The 2030 Senior Notes includes customary terms and covenants, including certain events of default, after which the 2030 Senior Notes may be due and payable immediately. In addition, if the Company experiences certain change of control events, as described in the Indenture, the Company will be required to make an offer to repurchase some or all of the 2030 Senior Notes at a price equal to 101% of the principal amount of the 2030 Senior Notes to be repurchased plus accrued and unpaid interest.
2024 Term Loan Facility
In December 2024, the Company entered into a credit agreement providing for a $1.0 billion term loan facility (the "2024 Term Loan Facility") consisting of (i) a $229 million secured facility and (ii) a $771 million unsecured facility. In connection with the IPO, the maturity date of the 2024 Term Loan Facility was accelerated, and it was repaid on April 11, 2025.
Magnetar Loan
In August 2024, the Company entered into an AI Computing Service Reserved Capacity and Prepayment Agreement with MagAI Ventures (the “MagAI Capacity Agreement”). Under this arrangement, the Company will provide portfolio companies of MagAI Ventures with a pre-determined amount of cloud computing services at a pre-negotiated hourly rate.
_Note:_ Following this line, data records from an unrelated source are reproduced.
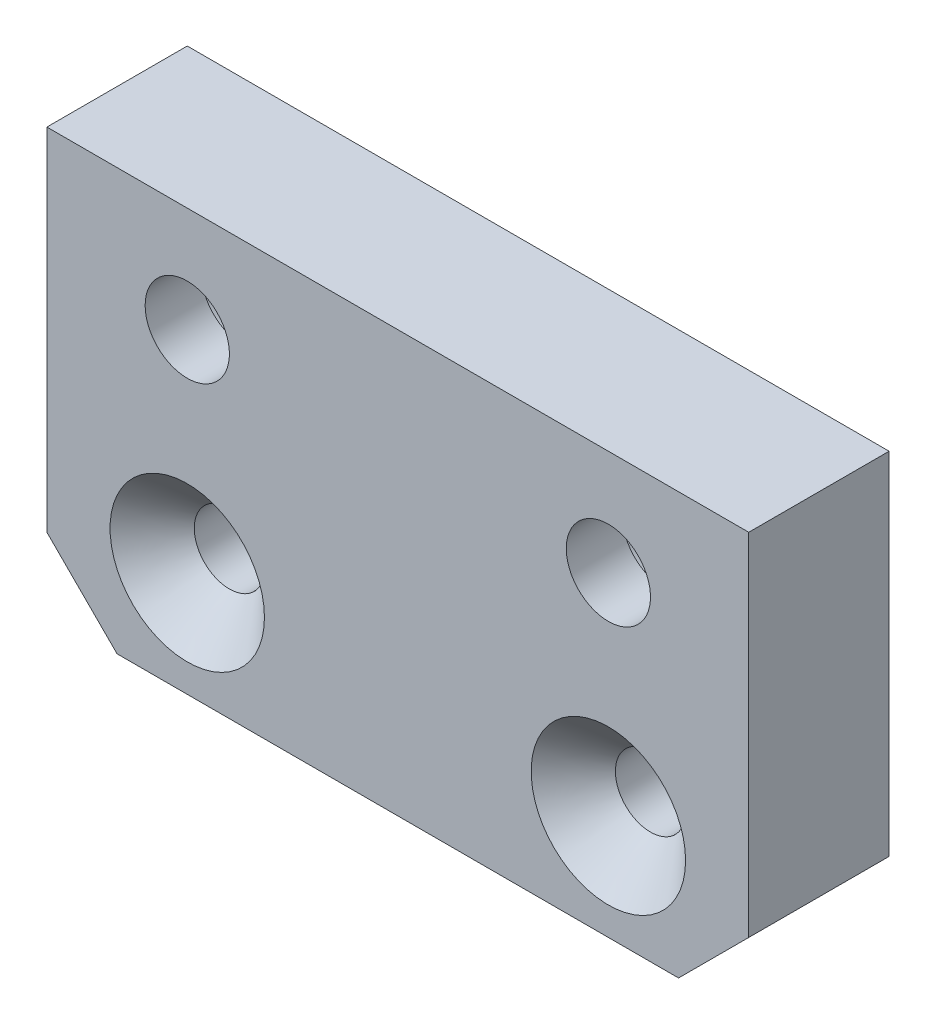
ISO-10303-21;
HEADER;
FILE_DESCRIPTION(('STEP AP214'),'2;1');
FILE_NAME('part.step','',(''),(''),'','','');
FILE_SCHEMA(('AUTOMOTIVE_DESIGN { 1 0 10303 214 1 1 1 1 }'));
ENDSEC;
DATA;
#1=APPLICATION_CONTEXT('core data for automotive mechanical design processes');
#2=APPLICATION_PROTOCOL_DEFINITION('international standard','automotive_design',2000,#1);
#3=PRODUCT_CONTEXT('',#1,'mechanical');
#4=PRODUCT('Part','Part','',(#3));
#5=PRODUCT_RELATED_PRODUCT_CATEGORY('part','',(#4));
#6=PRODUCT_DEFINITION_FORMATION('','',#4);
#7=PRODUCT_DEFINITION_CONTEXT('part definition',#1,'design');
#8=PRODUCT_DEFINITION('design','',#6,#7);
#9=PRODUCT_DEFINITION_SHAPE('','',#8);
#10=(LENGTH_UNIT() NAMED_UNIT(*) SI_UNIT(.MILLI.,.METRE.));
#11=(NAMED_UNIT(*) PLANE_ANGLE_UNIT() SI_UNIT($,.RADIAN.));
#12=(NAMED_UNIT(*) SI_UNIT($,.STERADIAN.) SOLID_ANGLE_UNIT());
#13=UNCERTAINTY_MEASURE_WITH_UNIT(LENGTH_MEASURE(1.E-05),#10,'distance_accuracy_value','');
#14=(GEOMETRIC_REPRESENTATION_CONTEXT(3) GLOBAL_UNCERTAINTY_ASSIGNED_CONTEXT((#13)) GLOBAL_UNIT_ASSIGNED_CONTEXT((#10,
#11,#12)) REPRESENTATION_CONTEXT('',''));
#15=CARTESIAN_POINT('',(0.,0.,0.));
#16=DIRECTION('',(0.,0.,1.));
#17=DIRECTION('',(1.,0.,0.));
#18=AXIS2_PLACEMENT_3D('',#15,#16,#17);
#19=CARTESIAN_POINT('',(-25.,30.,0.));
#20=DIRECTION('',(0.,0.,-1.));
#21=DIRECTION('',(-1.,0.,0.));
#22=AXIS2_PLACEMENT_3D('',#19,#20,#21);
#23=PLANE('',#22);
#24=CARTESIAN_POINT('',(15.,22.5,0.));
#25=DIRECTION('',(0.,0.,-1.));
#26=DIRECTION('',(-1.,0.,0.));
#27=AXIS2_PLACEMENT_3D('',#24,#25,#26);
#28=CIRCLE('',#27,5.49999999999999);
#29=CARTESIAN_POINT('',(9.50000000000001,22.5,0.));
#30=VERTEX_POINT('',#29);
#31=EDGE_CURVE('E158',#30,#30,#28,.T.);
#32=ORIENTED_EDGE('',*,*,#31,.F.);
#33=EDGE_LOOP('',(#32));
#34=FACE_BOUND('',#33,.T.);
#35=CARTESIAN_POINT('',(15.,7.5,6.59472476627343E-11));
#36=DIRECTION('',(0.,0.,1.));
#37=DIRECTION('',(1.,0.,0.));
#38=AXIS2_PLACEMENT_3D('',#35,#36,#37);
#39=CIRCLE('',#38,2.5);
#40=CARTESIAN_POINT('',(17.5,7.5,6.59473177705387E-11));
#41=VERTEX_POINT('',#40);
#42=EDGE_CURVE('E104',#41,#41,#39,.T.);
#43=ORIENTED_EDGE('',*,*,#42,.T.);
#44=EDGE_LOOP('',(#43));
#45=FACE_BOUND('',#44,.T.);
#46=DIRECTION('',(0.,1.,0.));
#47=VECTOR('',#46,1.);
#48=CARTESIAN_POINT('',(25.,0.,0.));
#49=LINE('',#48,#47);
#50=CARTESIAN_POINT('',(25.,5.00000000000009,0.));
#51=VERTEX_POINT('',#50);
#52=CARTESIAN_POINT('',(25.,30.,0.));
#53=VERTEX_POINT('',#52);
#54=EDGE_CURVE('E118',#51,#53,#49,.T.);
#55=ORIENTED_EDGE('',*,*,#54,.F.);
#56=DIRECTION('',(0.707106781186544,0.707106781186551,0.));
#57=VECTOR('',#56,1.);
#58=CARTESIAN_POINT('',(12.5000000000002,-7.49999999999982,0.));
#59=LINE('',#58,#57);
#60=CARTESIAN_POINT('',(20.,0.,0.));
#61=VERTEX_POINT('',#60);
#62=EDGE_CURVE('E123',#51,#61,#59,.F.);
#63=ORIENTED_EDGE('',*,*,#62,.T.);
#64=DIRECTION('',(1.,0.,0.));
#65=VECTOR('',#64,1.);
#66=CARTESIAN_POINT('',(-25.,0.,0.));
#67=LINE('',#66,#65);
#68=CARTESIAN_POINT('',(-19.9999999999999,0.,0.));
#69=VERTEX_POINT('',#68);
#70=EDGE_CURVE('E90',#69,#61,#67,.T.);
#71=ORIENTED_EDGE('',*,*,#70,.F.);
#72=DIRECTION('',(-0.707106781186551,0.707106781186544,0.));
#73=VECTOR('',#72,1.);
#74=CARTESIAN_POINT('',(-37.5,17.4999999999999,0.));
#75=LINE('',#74,#73);
#76=CARTESIAN_POINT('',(-25.,5.00000000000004,0.));
#77=VERTEX_POINT('',#76);
#78=EDGE_CURVE('E89',#69,#77,#75,.T.);
#79=ORIENTED_EDGE('',*,*,#78,.T.);
#80=DIRECTION('',(0.,1.,0.));
#81=VECTOR('',#80,1.);
#82=CARTESIAN_POINT('',(-25.,0.,0.));
#83=LINE('',#82,#81);
#84=CARTESIAN_POINT('',(-25.,30.,0.));
#85=VERTEX_POINT('',#84);
#86=EDGE_CURVE('E82',#77,#85,#83,.T.);
#87=ORIENTED_EDGE('',*,*,#86,.T.);
#88=DIRECTION('',(-1.,0.,0.));
#89=VECTOR('',#88,1.);
#90=CARTESIAN_POINT('',(25.,30.,0.));
#91=LINE('',#90,#89);
#92=EDGE_CURVE('E87',#53,#85,#91,.T.);
#93=ORIENTED_EDGE('',*,*,#92,.F.);
#94=EDGE_LOOP('',(#55,#63,#71,#79,#87,#93));
#95=FACE_BOUND('',#94,.T.);
#96=CARTESIAN_POINT('',(-15.,7.5,6.59472476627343E-11));
#97=DIRECTION('',(0.,0.,1.));
#98=DIRECTION('',(1.,0.,0.));
#99=AXIS2_PLACEMENT_3D('',#96,#97,#98);
#100=CIRCLE('',#99,2.5);
#101=CARTESIAN_POINT('',(-12.5,7.5,6.59473177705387E-11));
#102=VERTEX_POINT('',#101);
#103=EDGE_CURVE('E149',#102,#102,#100,.T.);
#104=ORIENTED_EDGE('',*,*,#103,.T.);
#105=EDGE_LOOP('',(#104));
#106=FACE_BOUND('',#105,.T.);
#107=CARTESIAN_POINT('',(-15.,22.5,0.));
#108=DIRECTION('',(0.,0.,-1.));
#109=DIRECTION('',(-1.,0.,0.));
#110=AXIS2_PLACEMENT_3D('',#107,#108,#109);
#111=CIRCLE('',#110,5.49999999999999);
#112=CARTESIAN_POINT('',(-20.5,22.5,0.));
#113=VERTEX_POINT('',#112);
#114=EDGE_CURVE('E170',#113,#113,#111,.T.);
#115=ORIENTED_EDGE('',*,*,#114,.F.);
#116=EDGE_LOOP('',(#115));
#117=FACE_BOUND('',#116,.T.);
#118=ADVANCED_FACE('F29',(#34,#45,#95,#106,#117),#23,.T.);
#119=CARTESIAN_POINT('',(-25.,30.,10.));
#120=DIRECTION('',(0.,0.,-1.));
#121=DIRECTION('',(-1.,0.,0.));
#122=AXIS2_PLACEMENT_3D('',#119,#120,#121);
#123=PLANE('',#122);
#124=CARTESIAN_POINT('',(-15.,22.5,10.));
#125=DIRECTION('',(0.,0.,-1.));
#126=DIRECTION('',(-1.,0.,0.));
#127=AXIS2_PLACEMENT_3D('',#124,#125,#126);
#128=CIRCLE('',#127,2.99999999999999);
#129=CARTESIAN_POINT('',(-18.,22.5,10.));
#130=VERTEX_POINT('',#129);
#131=EDGE_CURVE('E179',#130,#130,#128,.T.);
#132=ORIENTED_EDGE('',*,*,#131,.T.);
#133=EDGE_LOOP('',(#132));
#134=FACE_BOUND('',#133,.T.);
#135=CARTESIAN_POINT('',(15.,22.5,10.));
#136=DIRECTION('',(0.,0.,-1.));
#137=DIRECTION('',(-1.,0.,0.));
#138=AXIS2_PLACEMENT_3D('',#135,#136,#137);
#139=CIRCLE('',#138,2.99999999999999);
#140=CARTESIAN_POINT('',(12.,22.5,10.));
#141=VERTEX_POINT('',#140);
#142=EDGE_CURVE('E167',#141,#141,#139,.T.);
#143=ORIENTED_EDGE('',*,*,#142,.T.);
#144=EDGE_LOOP('',(#143));
#145=FACE_BOUND('',#144,.T.);
#146=CARTESIAN_POINT('',(15.,7.5,10.));
#147=DIRECTION('',(0.,0.,1.));
#148=DIRECTION('',(1.,0.,0.));
#149=AXIS2_PLACEMENT_3D('',#146,#147,#148);
#150=CIRCLE('',#149,5.5);
#151=CARTESIAN_POINT('',(20.5,7.5,10.));
#152=VERTEX_POINT('',#151);
#153=EDGE_CURVE('E146',#152,#152,#150,.T.);
#154=ORIENTED_EDGE('',*,*,#153,.F.);
#155=EDGE_LOOP('',(#154));
#156=FACE_BOUND('',#155,.T.);
#157=DIRECTION('',(1.,0.,0.));
#158=VECTOR('',#157,1.);
#159=CARTESIAN_POINT('',(-25.,0.,10.));
#160=LINE('',#159,#158);
#161=CARTESIAN_POINT('',(-19.9999999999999,0.,10.));
#162=VERTEX_POINT('',#161);
#163=CARTESIAN_POINT('',(20.,0.,10.));
#164=VERTEX_POINT('',#163);
#165=EDGE_CURVE('E113',#162,#164,#160,.T.);
#166=ORIENTED_EDGE('',*,*,#165,.T.);
#167=DIRECTION('',(-0.707106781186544,-0.707106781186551,0.));
#168=VECTOR('',#167,1.);
#169=CARTESIAN_POINT('',(25.,5.00000000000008,10.));
#170=LINE('',#169,#168);
#171=CARTESIAN_POINT('',(25.,5.00000000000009,10.));
#172=VERTEX_POINT('',#171);
#173=EDGE_CURVE('E37',#164,#172,#170,.F.);
#174=ORIENTED_EDGE('',*,*,#173,.T.);
#175=DIRECTION('',(0.,1.,0.));
#176=VECTOR('',#175,1.);
#177=CARTESIAN_POINT('',(25.,0.,10.));
#178=LINE('',#177,#176);
#179=CARTESIAN_POINT('',(25.,30.,10.));
#180=VERTEX_POINT('',#179);
#181=EDGE_CURVE('E111',#172,#180,#178,.T.);
#182=ORIENTED_EDGE('',*,*,#181,.T.);
#183=DIRECTION('',(-1.,0.,0.));
#184=VECTOR('',#183,1.);
#185=CARTESIAN_POINT('',(25.,30.,10.));
#186=LINE('',#185,#184);
#187=CARTESIAN_POINT('',(-25.,30.,10.));
#188=VERTEX_POINT('',#187);
#189=EDGE_CURVE('E116',#180,#188,#186,.T.);
#190=ORIENTED_EDGE('',*,*,#189,.T.);
#191=DIRECTION('',(0.,1.,0.));
#192=VECTOR('',#191,1.);
#193=CARTESIAN_POINT('',(-25.,0.,10.));
#194=LINE('',#193,#192);
#195=CARTESIAN_POINT('',(-25.,5.00000000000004,10.));
#196=VERTEX_POINT('',#195);
#197=EDGE_CURVE('E94',#196,#188,#194,.T.);
#198=ORIENTED_EDGE('',*,*,#197,.F.);
#199=DIRECTION('',(0.707106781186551,-0.707106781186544,0.));
#200=VECTOR('',#199,1.);
#201=CARTESIAN_POINT('',(-19.9999999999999,0.,10.));
#202=LINE('',#201,#200);
#203=EDGE_CURVE('E129',#196,#162,#202,.T.);
#204=ORIENTED_EDGE('',*,*,#203,.T.);
#205=EDGE_LOOP('',(#166,#174,#182,#190,#198,#204));
#206=FACE_BOUND('',#205,.T.);
#207=CARTESIAN_POINT('',(-15.,7.5,10.));
#208=DIRECTION('',(0.,0.,1.));
#209=DIRECTION('',(1.,0.,0.));
#210=AXIS2_PLACEMENT_3D('',#207,#208,#209);
#211=CIRCLE('',#210,5.5);
#212=CARTESIAN_POINT('',(-9.50000000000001,7.5,10.));
#213=VERTEX_POINT('',#212);
#214=EDGE_CURVE('E155',#213,#213,#211,.T.);
#215=ORIENTED_EDGE('',*,*,#214,.F.);
#216=EDGE_LOOP('',(#215));
#217=FACE_BOUND('',#216,.T.);
#218=ADVANCED_FACE('F133',(#134,#145,#156,#206,#217),#123,.F.);
#219=CARTESIAN_POINT('',(25.,30.,10.));
#220=DIRECTION('',(0.,-1.,0.));
#221=DIRECTION('',(0.,0.,-1.));
#222=AXIS2_PLACEMENT_3D('',#219,#220,#221);
#223=PLANE('',#222);
#224=DIRECTION('',(0.,0.,-1.));
#225=VECTOR('',#224,1.);
#226=CARTESIAN_POINT('',(-25.,30.,10.));
#227=LINE('',#226,#225);
#228=EDGE_CURVE('E93',#188,#85,#227,.T.);
#229=ORIENTED_EDGE('',*,*,#228,.F.);
#230=ORIENTED_EDGE('',*,*,#189,.F.);
#231=DIRECTION('',(0.,0.,-1.));
#232=VECTOR('',#231,1.);
#233=CARTESIAN_POINT('',(25.,30.,10.));
#234=LINE('',#233,#232);
#235=EDGE_CURVE('E99',#180,#53,#234,.T.);
#236=ORIENTED_EDGE('',*,*,#235,.T.);
#237=ORIENTED_EDGE('',*,*,#92,.T.);
#238=EDGE_LOOP('',(#229,#230,#236,#237));
#239=FACE_BOUND('',#238,.T.);
#240=ADVANCED_FACE('F102',(#239),#223,.F.);
#241=CARTESIAN_POINT('',(-25.,0.,10.));
#242=DIRECTION('',(-1.,0.,0.));
#243=DIRECTION('',(0.,0.,1.));
#244=AXIS2_PLACEMENT_3D('',#241,#242,#243);
#245=PLANE('',#244);
#246=ORIENTED_EDGE('',*,*,#86,.F.);
#247=DIRECTION('',(0.,0.,1.));
#248=VECTOR('',#247,1.);
#249=CARTESIAN_POINT('',(-25.,5.00000000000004,10.));
#250=LINE('',#249,#248);
#251=EDGE_CURVE('E11',#77,#196,#250,.T.);
#252=ORIENTED_EDGE('',*,*,#251,.T.);
#253=ORIENTED_EDGE('',*,*,#197,.T.);
#254=ORIENTED_EDGE('',*,*,#228,.T.);
#255=EDGE_LOOP('',(#246,#252,#253,#254));
#256=FACE_BOUND('',#255,.T.);
#257=ADVANCED_FACE('F31',(#256),#245,.T.);
#258=CARTESIAN_POINT('',(-25.,0.,10.));
#259=DIRECTION('',(0.,1.,0.));
#260=DIRECTION('',(0.,0.,1.));
#261=AXIS2_PLACEMENT_3D('',#258,#259,#260);
#262=PLANE('',#261);
#263=ORIENTED_EDGE('',*,*,#70,.T.);
#264=DIRECTION('',(0.,0.,1.));
#265=VECTOR('',#264,1.);
#266=CARTESIAN_POINT('',(20.,0.,10.));
#267=LINE('',#266,#265);
#268=EDGE_CURVE('E50',#61,#164,#267,.T.);
#269=ORIENTED_EDGE('',*,*,#268,.T.);
#270=ORIENTED_EDGE('',*,*,#165,.F.);
#271=DIRECTION('',(0.,0.,-1.));
#272=VECTOR('',#271,1.);
#273=CARTESIAN_POINT('',(-19.9999999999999,0.,0.));
#274=LINE('',#273,#272);
#275=EDGE_CURVE('E125',#162,#69,#274,.T.);
#276=ORIENTED_EDGE('',*,*,#275,.T.);
#277=EDGE_LOOP('',(#263,#269,#270,#276));
#278=FACE_BOUND('',#277,.T.);
#279=ADVANCED_FACE('F140',(#278),#262,.F.);
#280=CARTESIAN_POINT('',(25.,0.,10.));
#281=DIRECTION('',(-1.,0.,0.));
#282=DIRECTION('',(0.,0.,1.));
#283=AXIS2_PLACEMENT_3D('',#280,#281,#282);
#284=PLANE('',#283);
#285=ORIENTED_EDGE('',*,*,#181,.F.);
#286=DIRECTION('',(0.,0.,-1.));
#287=VECTOR('',#286,1.);
#288=CARTESIAN_POINT('',(25.,5.00000000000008,10.));
#289=LINE('',#288,#287);
#290=EDGE_CURVE('E98',#172,#51,#289,.T.);
#291=ORIENTED_EDGE('',*,*,#290,.T.);
#292=ORIENTED_EDGE('',*,*,#54,.T.);
#293=ORIENTED_EDGE('',*,*,#235,.F.);
#294=EDGE_LOOP('',(#285,#291,#292,#293));
#295=FACE_BOUND('',#294,.T.);
#296=ADVANCED_FACE('F138',(#295),#284,.F.);
#297=CARTESIAN_POINT('',(15.,7.5,10.));
#298=DIRECTION('',(0.,0.,1.));
#299=DIRECTION('',(1.,0.,0.));
#300=AXIS2_PLACEMENT_3D('',#297,#298,#299);
#301=CYLINDRICAL_SURFACE('',#300,2.5);
#302=CARTESIAN_POINT('',(15.,7.5,7.00000000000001));
#303=DIRECTION('',(0.,0.,1.));
#304=DIRECTION('',(1.,0.,0.));
#305=AXIS2_PLACEMENT_3D('',#302,#303,#304);
#306=CIRCLE('',#305,2.49999999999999);
#307=CARTESIAN_POINT('',(17.5,7.5,7.00000000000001));
#308=VERTEX_POINT('',#307);
#309=EDGE_CURVE('E107',#308,#308,#306,.T.);
#310=ORIENTED_EDGE('',*,*,#309,.T.);
#311=EDGE_LOOP('',(#310));
#312=FACE_BOUND('',#311,.T.);
#313=ORIENTED_EDGE('',*,*,#42,.F.);
#314=EDGE_LOOP('',(#313));
#315=FACE_BOUND('',#314,.T.);
#316=ADVANCED_FACE('F209',(#312,#315),#301,.F.);
#317=CARTESIAN_POINT('',(15.,7.5,7.00000000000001));
#318=DIRECTION('',(0.,0.,1.));
#319=DIRECTION('',(1.,0.,0.));
#320=AXIS2_PLACEMENT_3D('',#317,#318,#319);
#321=CONICAL_SURFACE('',#320,2.49999999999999,0.785398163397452);
#322=ORIENTED_EDGE('',*,*,#153,.T.);
#323=EDGE_LOOP('',(#322));
#324=FACE_BOUND('',#323,.T.);
#325=ORIENTED_EDGE('',*,*,#309,.F.);
#326=EDGE_LOOP('',(#325));
#327=FACE_BOUND('',#326,.T.);
#328=ADVANCED_FACE('F313',(#324,#327),#321,.F.);
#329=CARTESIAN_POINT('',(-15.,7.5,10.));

The specific amount of cloud computing services, inclusive of the capacity and term, to be used by each portfolio company, if any, will be negotiated individually with each portfolio company, and will be subject to final approval by MagAI Ventures. The Company received a refundable deposit of $230 million in connection with the MagAI Capacity Agreement. Any consumption of cloud services by MagAI Ventures, including by their portfolio companies, under this arrangement is deducted from this deposit amount, with the unused portion refunded back to MagAI Ventures at the end of the contractual term. Throughout the term of the arrangement, if MagAI Ventures portfolio companies do not contract for the full amount of the pre-determined cloud computing services, the Company may agree with MagAI Ventures to instead use this available capacity for other customers, and share profits with MagAI Ventures for any revenue realized above the revenue that would have been generated by charging these customers the MagAI Ventures pre-negotiated rate.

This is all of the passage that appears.